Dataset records
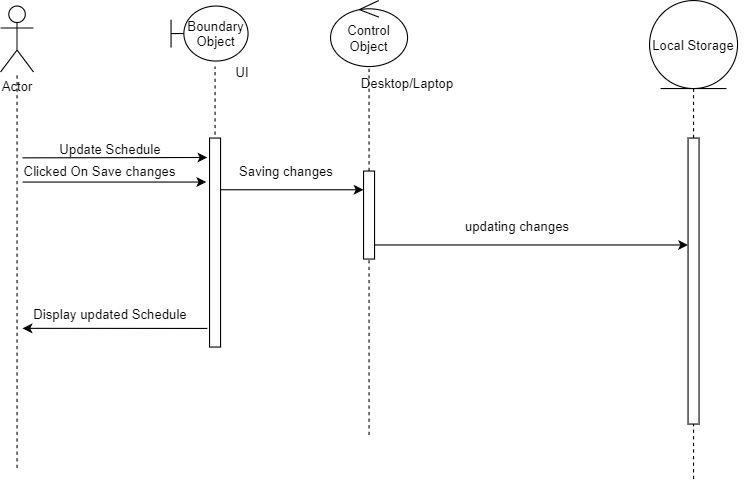

The diagram above was exported from draw.io. Its source (the exported page's mxGraphModel, read from the mxfile embedded in the PNG):
<mxGraphModel dx="1108" dy="482" grid="1" gridSize="10" guides="1" tooltips="1" connect="1" arrows="1" fold="1" page="1" pageScale="1" pageWidth="850" pageHeight="1100" math="0" shadow="0">
  <root>
    <mxCell id="0" />
    <mxCell id="1" parent="0" />
    <mxCell id="LQV2vjWwjwWmU27E5w4e-79" value="Actor" style="shape=umlActor;verticalLabelPosition=bottom;verticalAlign=top;html=1;outlineConnect=0;" vertex="1" parent="1">
      <mxGeometry x="100" y="130" width="30" height="60" as="geometry" />
    </mxCell>
    <mxCell id="LQV2vjWwjwWmU27E5w4e-80" value="Boundary Object" style="shape=umlBoundary;whiteSpace=wrap;html=1;" vertex="1" parent="1">
      <mxGeometry x="255" y="130" width="70" height="50" as="geometry" />
    </mxCell>
    <mxCell id="LQV2vjWwjwWmU27E5w4e-81" value="" style="endArrow=none;dashed=1;html=1;" edge="1" parent="1" target="LQV2vjWwjwWmU27E5w4e-79">
      <mxGeometry width="50" height="50" relative="1" as="geometry">
        <mxPoint x="114.99999999999977" y="550" as="sourcePoint" />
        <mxPoint x="190" y="260" as="targetPoint" />
      </mxGeometry>
    </mxCell>
    <mxCell id="LQV2vjWwjwWmU27E5w4e-82" value="UI" style="text;html=1;strokeColor=none;fillColor=none;align=center;verticalAlign=middle;whiteSpace=wrap;rounded=0;" vertex="1" parent="1">
      <mxGeometry x="300" y="180" width="40" height="20" as="geometry" />
    </mxCell>
    <mxCell id="LQV2vjWwjwWmU27E5w4e-83" value="" style="endArrow=none;dashed=1;html=1;" edge="1" parent="1">
      <mxGeometry width="50" height="50" relative="1" as="geometry">
        <mxPoint x="294.9999999999998" y="247" as="sourcePoint" />
        <mxPoint x="294.9999999999998" y="184.9999999999999" as="targetPoint" />
      </mxGeometry>
    </mxCell>
    <mxCell id="LQV2vjWwjwWmU27E5w4e-84" value="" style="html=1;points=[];perimeter=orthogonalPerimeter;" vertex="1" parent="1">
      <mxGeometry x="290" y="250" width="10" height="190" as="geometry" />
    </mxCell>
    <mxCell id="LQV2vjWwjwWmU27E5w4e-85" value="" style="endArrow=classic;html=1;entryX=-0.2;entryY=0.093;entryDx=0;entryDy=0;entryPerimeter=0;" edge="1" parent="1" target="LQV2vjWwjwWmU27E5w4e-84">
      <mxGeometry width="50" height="50" relative="1" as="geometry">
        <mxPoint x="119.99999999999977" y="268" as="sourcePoint" />
        <mxPoint x="410" y="360" as="targetPoint" />
      </mxGeometry>
    </mxCell>
    <mxCell id="LQV2vjWwjwWmU27E5w4e-86" value="Control Object" style="ellipse;shape=umlControl;whiteSpace=wrap;html=1;" vertex="1" parent="1">
      <mxGeometry x="400" y="125" width="70" height="60" as="geometry" />
    </mxCell>
    <mxCell id="LQV2vjWwjwWmU27E5w4e-87" value="" style="endArrow=none;dashed=1;html=1;startArrow=none;" edge="1" parent="1" source="LQV2vjWwjwWmU27E5w4e-94" target="LQV2vjWwjwWmU27E5w4e-86">
      <mxGeometry width="50" height="50" relative="1" as="geometry">
        <mxPoint x="435" y="550" as="sourcePoint" />
        <mxPoint x="520" y="370" as="targetPoint" />
      </mxGeometry>
    </mxCell>
    <mxCell id="LQV2vjWwjwWmU27E5w4e-88" value="Desktop/Laptop" style="text;html=1;strokeColor=none;fillColor=none;align=center;verticalAlign=middle;whiteSpace=wrap;rounded=0;" vertex="1" parent="1">
      <mxGeometry x="450" y="190" width="40" height="20" as="geometry" />
    </mxCell>
    <mxCell id="LQV2vjWwjwWmU27E5w4e-89" value="storage" style="text;html=1;strokeColor=none;fillColor=none;align=center;verticalAlign=middle;whiteSpace=wrap;rounded=0;" vertex="1" parent="1">
      <mxGeometry x="680" y="150" width="100" height="20" as="geometry" />
    </mxCell>
    <mxCell id="LQV2vjWwjwWmU27E5w4e-90" value="" style="endArrow=none;dashed=1;html=1;entryX=0.5;entryY=1;entryDx=0;entryDy=0;" edge="1" parent="1" source="LQV2vjWwjwWmU27E5w4e-104">
      <mxGeometry width="50" height="50" relative="1" as="geometry">
        <mxPoint x="360" y="380" as="sourcePoint" />
        <mxPoint x="730" y="189.9999999999999" as="targetPoint" />
      </mxGeometry>
    </mxCell>
    <mxCell id="LQV2vjWwjwWmU27E5w4e-91" value="Local Storage" style="ellipse;shape=umlEntity;whiteSpace=wrap;html=1;" vertex="1" parent="1">
      <mxGeometry x="690" y="125" width="80" height="80" as="geometry" />
    </mxCell>
    <mxCell id="LQV2vjWwjwWmU27E5w4e-92" value="Update Schedule" style="text;html=1;strokeColor=none;fillColor=none;align=center;verticalAlign=middle;whiteSpace=wrap;rounded=0;" vertex="1" parent="1">
      <mxGeometry x="110" y="250" width="180" height="20" as="geometry" />
    </mxCell>
    <mxCell id="LQV2vjWwjwWmU27E5w4e-93" value="Saving changes" style="text;html=1;strokeColor=none;fillColor=none;align=center;verticalAlign=middle;whiteSpace=wrap;rounded=0;" vertex="1" parent="1">
      <mxGeometry x="300" y="270" width="120" height="20" as="geometry" />
    </mxCell>
    <mxCell id="LQV2vjWwjwWmU27E5w4e-94" value="" style="html=1;points=[];perimeter=orthogonalPerimeter;" vertex="1" parent="1">
      <mxGeometry x="430" y="280" width="10" height="80" as="geometry" />
    </mxCell>
    <mxCell id="LQV2vjWwjwWmU27E5w4e-95" value="" style="endArrow=none;dashed=1;html=1;" edge="1" parent="1" target="LQV2vjWwjwWmU27E5w4e-94">
      <mxGeometry width="50" height="50" relative="1" as="geometry">
        <mxPoint x="434.9999999999998" y="520" as="sourcePoint" />
        <mxPoint x="435" y="185" as="targetPoint" />
      </mxGeometry>
    </mxCell>
    <mxCell id="LQV2vjWwjwWmU27E5w4e-96" value="" style="endArrow=classic;html=1;" edge="1" parent="1" target="LQV2vjWwjwWmU27E5w4e-94">
      <mxGeometry width="50" height="50" relative="1" as="geometry">
        <mxPoint x="299.9999999999998" y="297" as="sourcePoint" />
        <mxPoint x="430" y="286" as="targetPoint" />
      </mxGeometry>
    </mxCell>
    <mxCell id="LQV2vjWwjwWmU27E5w4e-97" value="" style="endArrow=classic;html=1;exitX=1.04;exitY=0.84;exitDx=0;exitDy=0;exitPerimeter=0;" edge="1" parent="1" source="LQV2vjWwjwWmU27E5w4e-94" target="LQV2vjWwjwWmU27E5w4e-104">
      <mxGeometry width="50" height="50" relative="1" as="geometry">
        <mxPoint x="470" y="329" as="sourcePoint" />
        <mxPoint x="680" y="327" as="targetPoint" />
      </mxGeometry>
    </mxCell>
    <mxCell id="LQV2vjWwjwWmU27E5w4e-98" value="updating changes" style="text;html=1;strokeColor=none;fillColor=none;align=center;verticalAlign=middle;whiteSpace=wrap;rounded=0;" vertex="1" parent="1">
      <mxGeometry x="490" y="320" width="160" height="20" as="geometry" />
    </mxCell>
    <mxCell id="LQV2vjWwjwWmU27E5w4e-99" value="" style="endArrow=classic;html=1;exitX=-0.2;exitY=0.911;exitDx=0;exitDy=0;exitPerimeter=0;" edge="1" parent="1" source="LQV2vjWwjwWmU27E5w4e-84">
      <mxGeometry width="50" height="50" relative="1" as="geometry">
        <mxPoint x="360" y="340" as="sourcePoint" />
        <mxPoint x="119.99999999999977" y="423" as="targetPoint" />
      </mxGeometry>
    </mxCell>
    <mxCell id="LQV2vjWwjwWmU27E5w4e-100" value="Display updated Schedule" style="text;html=1;strokeColor=none;fillColor=none;align=center;verticalAlign=middle;whiteSpace=wrap;rounded=0;" vertex="1" parent="1">
      <mxGeometry x="120" y="400" width="160" height="20" as="geometry" />
    </mxCell>
    <mxCell id="LQV2vjWwjwWmU27E5w4e-101" value="" style="endArrow=none;dashed=1;html=1;startArrow=none;" edge="1" parent="1" source="LQV2vjWwjwWmU27E5w4e-104">
      <mxGeometry width="50" height="50" relative="1" as="geometry">
        <mxPoint x="730" y="440" as="sourcePoint" />
        <mxPoint x="730" y="354" as="targetPoint" />
      </mxGeometry>
    </mxCell>
    <mxCell id="LQV2vjWwjwWmU27E5w4e-102" value="" style="endArrow=classic;html=1;startArrow=none;" edge="1" parent="1">
      <mxGeometry width="50" height="50" relative="1" as="geometry">
        <mxPoint x="120" y="290" as="sourcePoint" />
        <mxPoint x="287" y="290" as="targetPoint" />
      </mxGeometry>
    </mxCell>
    <mxCell id="LQV2vjWwjwWmU27E5w4e-104" value="" style="html=1;points=[];perimeter=orthogonalPerimeter;" vertex="1" parent="1">
      <mxGeometry x="725" y="250" width="10" height="260" as="geometry" />
    </mxCell>
    <mxCell id="LQV2vjWwjwWmU27E5w4e-105" value="" style="endArrow=none;dashed=1;html=1;" edge="1" parent="1" target="LQV2vjWwjwWmU27E5w4e-104">
      <mxGeometry width="50" height="50" relative="1" as="geometry">
        <mxPoint x="730" y="560" as="sourcePoint" />
        <mxPoint x="730" y="354" as="targetPoint" />
      </mxGeometry>
    </mxCell>
    <mxCell id="LQV2vjWwjwWmU27E5w4e-108" value="Clicked On Save changes" style="text;html=1;align=center;verticalAlign=middle;resizable=0;points=[];autosize=1;strokeColor=none;" vertex="1" parent="1">
      <mxGeometry x="115" y="270" width="150" height="20" as="geometry" />
    </mxCell>
  </root>
</mxGraphModel>

What you will do: A single number is needed: the count of lines in the records that include "Object".

Task answer: 2